--- Task to carry out ---
Copy out every line of the listing in which "fill" appears.

--- Data records ---
-- Opening Marker --
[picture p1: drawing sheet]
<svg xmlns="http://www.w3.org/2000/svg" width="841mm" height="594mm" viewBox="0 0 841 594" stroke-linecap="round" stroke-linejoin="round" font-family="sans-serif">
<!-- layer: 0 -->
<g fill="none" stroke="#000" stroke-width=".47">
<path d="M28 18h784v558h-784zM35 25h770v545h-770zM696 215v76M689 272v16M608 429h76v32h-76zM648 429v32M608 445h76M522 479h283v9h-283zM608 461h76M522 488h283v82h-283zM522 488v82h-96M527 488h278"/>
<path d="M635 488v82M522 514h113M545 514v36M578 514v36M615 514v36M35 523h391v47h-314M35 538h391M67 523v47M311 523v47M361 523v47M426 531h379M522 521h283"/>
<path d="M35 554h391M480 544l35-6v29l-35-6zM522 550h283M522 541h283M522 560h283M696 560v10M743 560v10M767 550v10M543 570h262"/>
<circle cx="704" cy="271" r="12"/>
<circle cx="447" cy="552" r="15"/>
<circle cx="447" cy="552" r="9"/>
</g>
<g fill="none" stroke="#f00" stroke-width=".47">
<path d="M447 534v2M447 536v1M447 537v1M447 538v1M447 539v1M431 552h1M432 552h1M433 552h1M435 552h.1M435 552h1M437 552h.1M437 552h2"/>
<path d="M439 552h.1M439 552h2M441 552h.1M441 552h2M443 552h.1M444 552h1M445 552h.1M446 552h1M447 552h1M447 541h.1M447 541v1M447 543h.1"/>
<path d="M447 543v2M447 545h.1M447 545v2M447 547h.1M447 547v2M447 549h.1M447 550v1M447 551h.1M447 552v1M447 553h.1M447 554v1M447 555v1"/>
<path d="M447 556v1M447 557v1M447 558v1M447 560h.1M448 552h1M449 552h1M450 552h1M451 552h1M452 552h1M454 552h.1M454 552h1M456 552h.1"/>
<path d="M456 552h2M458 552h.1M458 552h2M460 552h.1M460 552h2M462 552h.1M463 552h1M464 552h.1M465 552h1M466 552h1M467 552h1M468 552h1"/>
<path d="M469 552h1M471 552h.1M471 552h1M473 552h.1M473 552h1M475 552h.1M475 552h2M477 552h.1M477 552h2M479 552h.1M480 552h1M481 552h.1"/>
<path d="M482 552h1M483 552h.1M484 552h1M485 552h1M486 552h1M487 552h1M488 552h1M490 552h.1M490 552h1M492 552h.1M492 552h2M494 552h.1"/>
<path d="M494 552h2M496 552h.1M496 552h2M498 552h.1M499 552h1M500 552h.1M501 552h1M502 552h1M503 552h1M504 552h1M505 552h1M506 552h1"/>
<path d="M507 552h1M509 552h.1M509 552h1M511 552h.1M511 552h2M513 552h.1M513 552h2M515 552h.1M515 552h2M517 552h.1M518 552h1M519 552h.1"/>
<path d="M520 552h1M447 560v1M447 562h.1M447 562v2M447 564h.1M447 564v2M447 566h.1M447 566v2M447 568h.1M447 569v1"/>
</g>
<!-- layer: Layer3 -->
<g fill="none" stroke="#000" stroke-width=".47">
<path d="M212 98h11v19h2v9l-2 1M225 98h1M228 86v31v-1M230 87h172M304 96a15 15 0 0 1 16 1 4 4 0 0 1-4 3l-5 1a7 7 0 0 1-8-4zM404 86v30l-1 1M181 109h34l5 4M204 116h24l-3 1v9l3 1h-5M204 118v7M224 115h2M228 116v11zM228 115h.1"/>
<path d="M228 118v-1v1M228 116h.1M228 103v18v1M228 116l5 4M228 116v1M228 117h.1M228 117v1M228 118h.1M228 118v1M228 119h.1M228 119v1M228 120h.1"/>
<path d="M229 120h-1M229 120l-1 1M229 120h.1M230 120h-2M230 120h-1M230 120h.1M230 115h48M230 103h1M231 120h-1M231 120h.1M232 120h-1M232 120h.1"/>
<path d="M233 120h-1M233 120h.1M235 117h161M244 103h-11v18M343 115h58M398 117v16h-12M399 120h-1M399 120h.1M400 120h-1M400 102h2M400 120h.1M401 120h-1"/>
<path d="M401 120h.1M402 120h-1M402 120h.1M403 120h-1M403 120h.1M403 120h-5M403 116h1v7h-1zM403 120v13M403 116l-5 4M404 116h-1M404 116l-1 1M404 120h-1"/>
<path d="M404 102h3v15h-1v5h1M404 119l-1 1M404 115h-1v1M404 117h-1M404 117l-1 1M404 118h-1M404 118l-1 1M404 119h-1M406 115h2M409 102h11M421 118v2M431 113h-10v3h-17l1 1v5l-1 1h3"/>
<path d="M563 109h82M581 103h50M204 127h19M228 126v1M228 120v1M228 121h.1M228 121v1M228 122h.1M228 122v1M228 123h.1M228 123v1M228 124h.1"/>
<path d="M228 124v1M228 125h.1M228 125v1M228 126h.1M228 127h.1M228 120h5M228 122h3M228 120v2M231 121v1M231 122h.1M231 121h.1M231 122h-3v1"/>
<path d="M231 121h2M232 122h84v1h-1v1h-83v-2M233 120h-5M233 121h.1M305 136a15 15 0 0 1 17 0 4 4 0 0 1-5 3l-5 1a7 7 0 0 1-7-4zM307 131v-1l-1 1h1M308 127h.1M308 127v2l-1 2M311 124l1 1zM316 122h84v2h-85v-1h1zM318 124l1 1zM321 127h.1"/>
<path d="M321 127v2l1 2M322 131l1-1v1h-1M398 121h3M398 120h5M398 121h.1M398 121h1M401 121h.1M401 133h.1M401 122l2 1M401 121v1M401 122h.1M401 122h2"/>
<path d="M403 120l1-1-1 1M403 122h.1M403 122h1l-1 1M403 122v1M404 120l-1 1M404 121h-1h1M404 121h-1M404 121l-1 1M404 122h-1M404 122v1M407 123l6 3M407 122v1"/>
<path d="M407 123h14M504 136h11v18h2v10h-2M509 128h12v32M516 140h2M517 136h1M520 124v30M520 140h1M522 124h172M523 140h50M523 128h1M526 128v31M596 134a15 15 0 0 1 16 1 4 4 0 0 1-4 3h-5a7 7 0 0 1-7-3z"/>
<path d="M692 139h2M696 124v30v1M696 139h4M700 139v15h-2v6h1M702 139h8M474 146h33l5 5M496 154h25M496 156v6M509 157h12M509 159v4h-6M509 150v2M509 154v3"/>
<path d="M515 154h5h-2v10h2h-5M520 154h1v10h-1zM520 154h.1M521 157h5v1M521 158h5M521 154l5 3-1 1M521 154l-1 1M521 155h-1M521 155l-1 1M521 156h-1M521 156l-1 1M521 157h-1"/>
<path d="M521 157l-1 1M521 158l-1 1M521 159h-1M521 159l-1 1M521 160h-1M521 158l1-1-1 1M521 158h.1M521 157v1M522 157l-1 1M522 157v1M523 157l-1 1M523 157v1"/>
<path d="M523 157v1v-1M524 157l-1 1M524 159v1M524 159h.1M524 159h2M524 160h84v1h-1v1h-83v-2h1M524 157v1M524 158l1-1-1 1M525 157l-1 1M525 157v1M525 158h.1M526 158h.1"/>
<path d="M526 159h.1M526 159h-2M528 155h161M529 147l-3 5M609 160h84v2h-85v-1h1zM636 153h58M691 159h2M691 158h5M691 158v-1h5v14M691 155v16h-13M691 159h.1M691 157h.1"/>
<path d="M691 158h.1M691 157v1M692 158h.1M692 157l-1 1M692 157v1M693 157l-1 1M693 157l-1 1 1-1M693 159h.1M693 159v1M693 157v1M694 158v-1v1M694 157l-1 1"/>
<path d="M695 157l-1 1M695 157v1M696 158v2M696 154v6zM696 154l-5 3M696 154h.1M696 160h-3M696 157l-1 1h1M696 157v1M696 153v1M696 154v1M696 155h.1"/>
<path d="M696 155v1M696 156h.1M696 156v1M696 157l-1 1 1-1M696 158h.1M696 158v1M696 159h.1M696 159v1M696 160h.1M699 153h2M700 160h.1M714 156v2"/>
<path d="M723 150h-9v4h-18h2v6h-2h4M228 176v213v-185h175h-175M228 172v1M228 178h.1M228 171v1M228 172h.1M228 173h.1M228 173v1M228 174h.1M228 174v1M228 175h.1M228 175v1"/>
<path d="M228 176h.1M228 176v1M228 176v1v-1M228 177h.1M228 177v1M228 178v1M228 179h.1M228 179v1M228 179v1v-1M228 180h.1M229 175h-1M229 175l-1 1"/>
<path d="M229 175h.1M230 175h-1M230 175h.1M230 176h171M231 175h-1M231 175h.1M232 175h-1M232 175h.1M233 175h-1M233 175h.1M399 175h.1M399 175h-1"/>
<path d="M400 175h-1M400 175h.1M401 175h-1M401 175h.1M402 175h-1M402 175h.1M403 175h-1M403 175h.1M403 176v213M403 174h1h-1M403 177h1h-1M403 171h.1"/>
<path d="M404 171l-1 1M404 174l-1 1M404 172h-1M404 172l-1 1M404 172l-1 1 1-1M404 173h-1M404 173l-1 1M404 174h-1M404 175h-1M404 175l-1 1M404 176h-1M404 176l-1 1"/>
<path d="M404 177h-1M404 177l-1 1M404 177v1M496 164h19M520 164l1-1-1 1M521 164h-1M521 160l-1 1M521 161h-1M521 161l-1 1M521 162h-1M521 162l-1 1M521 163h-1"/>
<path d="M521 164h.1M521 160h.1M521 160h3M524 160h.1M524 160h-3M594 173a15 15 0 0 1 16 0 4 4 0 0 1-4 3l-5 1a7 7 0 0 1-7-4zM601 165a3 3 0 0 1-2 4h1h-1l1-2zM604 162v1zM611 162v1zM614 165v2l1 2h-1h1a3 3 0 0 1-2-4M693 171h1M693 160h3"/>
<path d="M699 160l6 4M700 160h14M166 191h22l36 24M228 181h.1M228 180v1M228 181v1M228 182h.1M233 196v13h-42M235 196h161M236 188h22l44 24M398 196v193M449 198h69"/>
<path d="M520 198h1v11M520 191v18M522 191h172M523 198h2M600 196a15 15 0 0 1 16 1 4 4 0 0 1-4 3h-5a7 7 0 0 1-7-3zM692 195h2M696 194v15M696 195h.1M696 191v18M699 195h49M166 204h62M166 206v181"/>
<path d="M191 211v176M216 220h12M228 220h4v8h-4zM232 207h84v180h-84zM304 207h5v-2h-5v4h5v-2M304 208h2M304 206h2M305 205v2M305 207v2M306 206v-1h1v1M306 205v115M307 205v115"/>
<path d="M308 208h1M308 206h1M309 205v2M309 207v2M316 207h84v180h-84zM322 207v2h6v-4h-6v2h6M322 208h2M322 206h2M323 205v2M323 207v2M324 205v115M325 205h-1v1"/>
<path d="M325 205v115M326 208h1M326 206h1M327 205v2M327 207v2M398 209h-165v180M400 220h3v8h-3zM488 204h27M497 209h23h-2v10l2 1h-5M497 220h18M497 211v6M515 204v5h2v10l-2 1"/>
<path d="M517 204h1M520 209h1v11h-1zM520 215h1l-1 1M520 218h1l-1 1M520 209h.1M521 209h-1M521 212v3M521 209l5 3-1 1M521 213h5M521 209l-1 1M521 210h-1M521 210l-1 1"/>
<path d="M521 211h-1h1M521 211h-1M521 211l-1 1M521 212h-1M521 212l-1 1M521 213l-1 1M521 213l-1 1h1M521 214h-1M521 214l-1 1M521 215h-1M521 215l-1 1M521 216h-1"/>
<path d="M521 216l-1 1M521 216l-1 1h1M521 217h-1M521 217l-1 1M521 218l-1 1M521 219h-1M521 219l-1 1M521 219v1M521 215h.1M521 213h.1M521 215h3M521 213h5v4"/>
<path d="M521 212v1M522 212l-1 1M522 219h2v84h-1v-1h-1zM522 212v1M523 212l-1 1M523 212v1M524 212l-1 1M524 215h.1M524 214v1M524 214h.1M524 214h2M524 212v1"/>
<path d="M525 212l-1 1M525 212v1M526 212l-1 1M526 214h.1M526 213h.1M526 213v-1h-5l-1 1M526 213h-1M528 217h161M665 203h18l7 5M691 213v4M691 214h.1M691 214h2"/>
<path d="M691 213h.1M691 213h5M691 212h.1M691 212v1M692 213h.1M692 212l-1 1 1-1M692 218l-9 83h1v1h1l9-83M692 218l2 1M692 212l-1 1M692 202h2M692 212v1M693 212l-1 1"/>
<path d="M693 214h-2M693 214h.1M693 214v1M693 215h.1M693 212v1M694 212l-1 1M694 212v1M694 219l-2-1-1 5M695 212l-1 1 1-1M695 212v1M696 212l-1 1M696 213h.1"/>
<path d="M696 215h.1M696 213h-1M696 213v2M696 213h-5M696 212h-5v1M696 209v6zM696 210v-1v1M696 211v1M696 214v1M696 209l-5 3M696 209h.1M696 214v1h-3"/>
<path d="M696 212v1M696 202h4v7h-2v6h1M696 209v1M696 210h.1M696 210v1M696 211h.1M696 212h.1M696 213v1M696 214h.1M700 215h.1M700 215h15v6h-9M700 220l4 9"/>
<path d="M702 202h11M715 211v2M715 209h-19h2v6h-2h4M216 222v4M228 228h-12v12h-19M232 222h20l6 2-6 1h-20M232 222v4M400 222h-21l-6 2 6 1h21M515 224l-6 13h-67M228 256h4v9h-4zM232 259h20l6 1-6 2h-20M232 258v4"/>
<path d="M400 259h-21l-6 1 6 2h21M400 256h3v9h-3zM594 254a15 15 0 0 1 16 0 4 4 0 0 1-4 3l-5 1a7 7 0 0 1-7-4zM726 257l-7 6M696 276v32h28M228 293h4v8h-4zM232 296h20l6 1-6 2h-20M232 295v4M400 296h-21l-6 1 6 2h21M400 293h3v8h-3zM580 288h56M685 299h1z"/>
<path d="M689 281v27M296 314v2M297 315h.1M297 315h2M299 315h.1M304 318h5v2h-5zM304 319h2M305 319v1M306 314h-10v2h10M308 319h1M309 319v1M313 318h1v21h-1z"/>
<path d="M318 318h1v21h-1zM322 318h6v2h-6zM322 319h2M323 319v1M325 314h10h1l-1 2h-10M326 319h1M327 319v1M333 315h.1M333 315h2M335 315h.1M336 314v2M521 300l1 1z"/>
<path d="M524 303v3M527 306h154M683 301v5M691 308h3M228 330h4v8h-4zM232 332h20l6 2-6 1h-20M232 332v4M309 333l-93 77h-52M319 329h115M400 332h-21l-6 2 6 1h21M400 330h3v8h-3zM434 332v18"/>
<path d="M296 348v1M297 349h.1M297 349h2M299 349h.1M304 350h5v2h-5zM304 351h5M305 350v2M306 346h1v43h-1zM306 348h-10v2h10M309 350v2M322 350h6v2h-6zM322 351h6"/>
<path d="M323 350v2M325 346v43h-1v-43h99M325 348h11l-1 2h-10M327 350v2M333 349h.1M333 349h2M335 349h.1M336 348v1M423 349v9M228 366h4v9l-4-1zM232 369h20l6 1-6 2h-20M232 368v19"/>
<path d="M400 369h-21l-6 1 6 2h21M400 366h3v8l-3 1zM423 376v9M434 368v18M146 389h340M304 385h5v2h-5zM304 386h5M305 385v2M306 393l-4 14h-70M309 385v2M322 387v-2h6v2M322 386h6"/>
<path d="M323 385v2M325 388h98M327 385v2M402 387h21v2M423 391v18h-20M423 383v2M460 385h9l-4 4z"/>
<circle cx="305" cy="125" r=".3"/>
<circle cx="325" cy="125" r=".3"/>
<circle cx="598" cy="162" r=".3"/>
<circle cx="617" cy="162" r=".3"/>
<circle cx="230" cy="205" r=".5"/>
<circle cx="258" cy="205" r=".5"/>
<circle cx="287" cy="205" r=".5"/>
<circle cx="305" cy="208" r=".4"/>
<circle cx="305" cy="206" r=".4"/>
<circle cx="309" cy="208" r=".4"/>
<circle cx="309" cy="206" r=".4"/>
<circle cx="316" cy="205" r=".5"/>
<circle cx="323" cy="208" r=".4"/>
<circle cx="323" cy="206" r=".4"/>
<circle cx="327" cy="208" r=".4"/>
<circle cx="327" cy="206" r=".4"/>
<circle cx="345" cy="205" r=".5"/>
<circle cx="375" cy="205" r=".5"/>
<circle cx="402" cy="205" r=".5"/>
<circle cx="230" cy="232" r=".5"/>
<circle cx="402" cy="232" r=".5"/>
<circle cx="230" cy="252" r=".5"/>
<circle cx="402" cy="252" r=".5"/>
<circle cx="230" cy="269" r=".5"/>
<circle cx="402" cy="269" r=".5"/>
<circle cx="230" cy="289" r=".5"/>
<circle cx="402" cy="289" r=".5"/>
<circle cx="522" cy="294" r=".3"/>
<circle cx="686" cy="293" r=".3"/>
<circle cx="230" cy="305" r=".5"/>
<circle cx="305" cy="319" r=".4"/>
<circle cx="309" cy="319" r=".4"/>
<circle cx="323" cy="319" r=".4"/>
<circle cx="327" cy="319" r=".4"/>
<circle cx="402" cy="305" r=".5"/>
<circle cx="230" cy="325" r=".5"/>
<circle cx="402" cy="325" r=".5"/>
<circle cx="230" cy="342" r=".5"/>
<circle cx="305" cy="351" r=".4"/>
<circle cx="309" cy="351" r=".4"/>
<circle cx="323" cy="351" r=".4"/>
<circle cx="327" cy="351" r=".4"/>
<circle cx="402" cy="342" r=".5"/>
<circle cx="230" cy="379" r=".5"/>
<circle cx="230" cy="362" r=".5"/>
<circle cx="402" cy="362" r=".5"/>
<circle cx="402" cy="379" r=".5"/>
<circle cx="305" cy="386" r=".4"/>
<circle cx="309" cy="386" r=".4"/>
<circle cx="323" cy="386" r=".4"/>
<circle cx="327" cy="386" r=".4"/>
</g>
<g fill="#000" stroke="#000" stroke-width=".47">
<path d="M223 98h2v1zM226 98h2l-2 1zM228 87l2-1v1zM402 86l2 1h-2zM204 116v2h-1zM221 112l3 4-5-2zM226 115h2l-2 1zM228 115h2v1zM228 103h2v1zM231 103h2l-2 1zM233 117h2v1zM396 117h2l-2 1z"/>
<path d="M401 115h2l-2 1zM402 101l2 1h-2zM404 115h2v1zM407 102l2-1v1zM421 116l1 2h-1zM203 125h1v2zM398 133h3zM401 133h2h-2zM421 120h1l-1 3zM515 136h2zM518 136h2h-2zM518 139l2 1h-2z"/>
-- Closing Marker --
--- Response box ---
<g fill="none" stroke="#000" stroke-width=".47">
<g fill="none" stroke="#f00" stroke-width=".47">
<g fill="none" stroke="#000" stroke-width=".47">
<g fill="#000" stroke="#000" stroke-width=".47">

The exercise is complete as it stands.